Vlaardingen en de Woningwet
Frans W. Assenberg
Met de invoering van de woningwet in 1901 veranderde er niet meteen iets in
Vlaardingen. Men nam kennis van de wet. Ook las men de in 1901
gepubliceerde raadgevingen van mr. D. Hudig aan gemeenten en besturen van
op te richten of reeds bestaande woningbouwverenigingen. Hierin gaf hij tal van
nuttige tips over oprichting en zekerstelling van het kapitaal. Toch duurde het
nog ruim tien jaar voordat een eerste stap op het nieuwe pad van de collectieve
woningbouw werd gezet met de oprichting van Patrimonium.
Musis 116
De Woningwet van 1901 was bedoeld om de woningbouw en
de financiering ervan binnen een wettelijk kader te brengen.

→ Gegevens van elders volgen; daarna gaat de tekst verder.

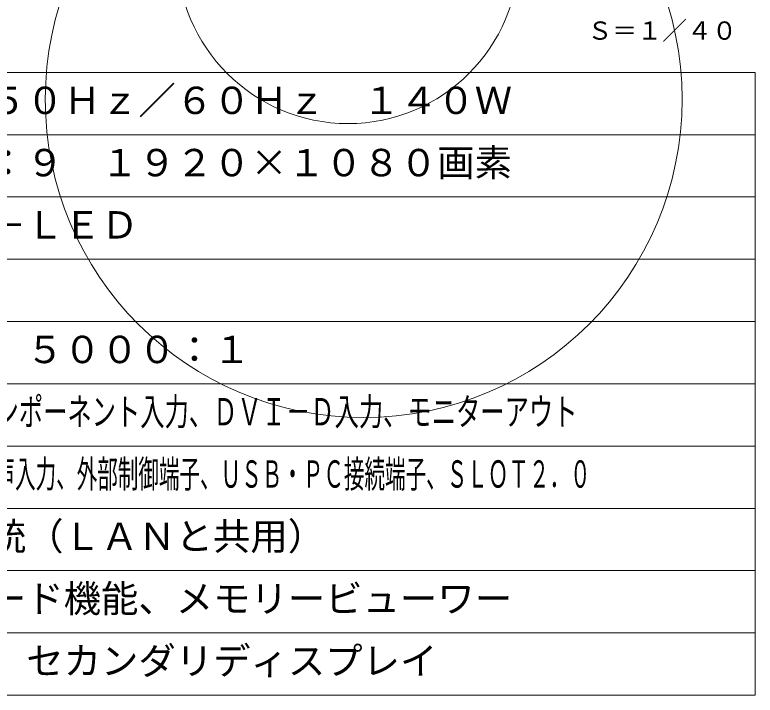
# Model space of a CAD drawing. Units: millimetres, scale not verified. Extents: x -63 to 62, y -56 to 57.
# Drawn here: x 2.9 to 62.3, y -56.5 to -1.9 of the extents above; entities that cross this region are included whole.
import ezdxf
from ezdxf.enums import TextEntityAlignment as Align

# ---------------------------------------------------------------- set-up
doc = ezdxf.new("R2010")
doc.units = ezdxf.units.MM
doc.header["$LTSCALE"] = 0.125
doc.layers.add('0-2_MOJI1', color=7, linetype='Continuous')
doc.layers.add('0-4_TOUROKU', color=7, linetype='Continuous')
doc.layers.add('0-3_WAKU', color=1, linetype='Continuous', lineweight=18)
doc.layers.add('0-6_GAIKEI', color=1, linetype='Continuous', lineweight=18)
doc.styles.add('ＭＳ ゴシック', font='')
doc.styles.get('ＭＳ ゴシック').set_extended_font_data('MS Gothic')

msp = doc.modelspace()

# ---------------------------------------------------------------- linework, layer by layer
at = {"layer": '0-3_WAKU', "color": 4}
for p, q in [((-62.6989, -6.4967), (62.3011, -6.4967)), ((62.3011, -56.4967), (62.3011, -6.4967)), ((-62.6989, -56.4967), (62.3011, -56.4967))]:
    msp.add_line(p, q, dxfattribs=at)
at = {"layer": '0-3_WAKU'}
for p, q in [((62.3011, -11.4967), (-62.6989, -11.4967)), ((62.3011, -16.4967), (-62.6989, -16.4967)), ((62.3011, -21.4967), (-62.6989, -21.4967)), ((-62.6989, -26.4967), (62.3011, -26.4967)), ((-62.6989, -31.4967), (62.3011, -31.4967)), ((-62.6989, -36.4967), (62.3011, -36.4967)), ((-62.6989, -41.4967), (62.3011, -41.4967)), ((-62.6989, -46.4967), (62.3011, -46.4967)), ((-62.6989, -51.4967), (62.3011, -51.4967))]:
    msp.add_line(p, q, dxfattribs=at)
at = {"layer": '0-6_GAIKEI'}
for centre, radius in [((30.8773, -8.6552), 25.556), ((29.6262, 3.115), 13.7196)]:
    msp.add_circle(centre, radius, dxfattribs=at)

# ---------------------------------------------------------------- texts
at = {"layer": '0-2_MOJI1', "style": 'ＭＳ ゴシック'}
for s, p in [('ＡＣ１００Ｖ\u3000５０Ｈｚ／６０Ｈｚ\u3000１４０Ｗ', (-20.1989, -10.4967)), ('５０Ｖ型\u3000１６：９\u3000１９２０×１０８０画素', (-20.1989, -15.4967)), ('ＶＡパネル\u3000Ｅ－ＬＥＤ', (-20.1989, -20.4967)), ('３５０ｃｄ／㎡\u3000５０００：１', (-20.1989, -30.4967)), ('ＲＪ４５×１系統（ＬＡＮと共用）', (-20.1989, -45.4967)), ('内蔵ホワイトボード機能、メモリービューワー', (-20.1989, -50.4967)), ('ワイヤレス機能、セカンダリディスプレイ', (-20.1989, -55.4967))]:
    msp.add_text(s, height=2.199, dxfattribs=at).set_placement(p, align=Align.BOTTOM_LEFT)
for s, width, p in [('ビデオ入力、ＲＧＢ／コンポーネント入力、ＤＶＩ－Ｄ入力、モニターアウト', 0.65, (-20.1989, -35.4967)), ('ＨＤＭＩ入力、ＰＣ入力、音声入力、外部制御端子、ＵＳＢ・ＰＣ接続端子、ＳＬＯＴ２．０', 0.55, (-20.1989, -40.4967))]:
    msp.add_text(s, height=2.199, dxfattribs=dict(at, width=width)).set_placement(p, align=Align.BOTTOM_LEFT)
at = {"layer": '0-4_TOUROKU', "style": 'ＭＳ ゴシック'}
msp.add_text('Ｓ＝１／４０', height=1.466, dxfattribs=at).set_placement((48.8343, -4.3095), align=Align.BOTTOM_LEFT)

doc.saveas('drawing.dxf')

Volksgezondheid en verbetering van de (minimum)-
woningkwaliteit waren uitgangspunten. Aan de gemeente werd
opgedragen om bouwverordeningen vast stellen. Van woning
bouwverenigingen werd een actieve rol verwacht, waarbij de
nieuwe wet de mogelijkheid opende om deze instellingen met
rijksbijdragen te steunen. De verenigingen zouden er volgens
mr. Hudig voor zorgen dat er betere woningtypen ontstonden.
Hij noemde het uitbannen van 'verderfelijke alcoven' en
bedsteden. Zijn blik was hierbij op een verre toekomst gericht
waar hij sprak van de mogelijkheden voor de corporaties om
niet alleen arbeiders- maar ook dokterswoningen te bouwen.
Het exploiteren van een 'bewaarschool' viel echter buiten het
bestek van de wet, zoals Hudig deze beschreef.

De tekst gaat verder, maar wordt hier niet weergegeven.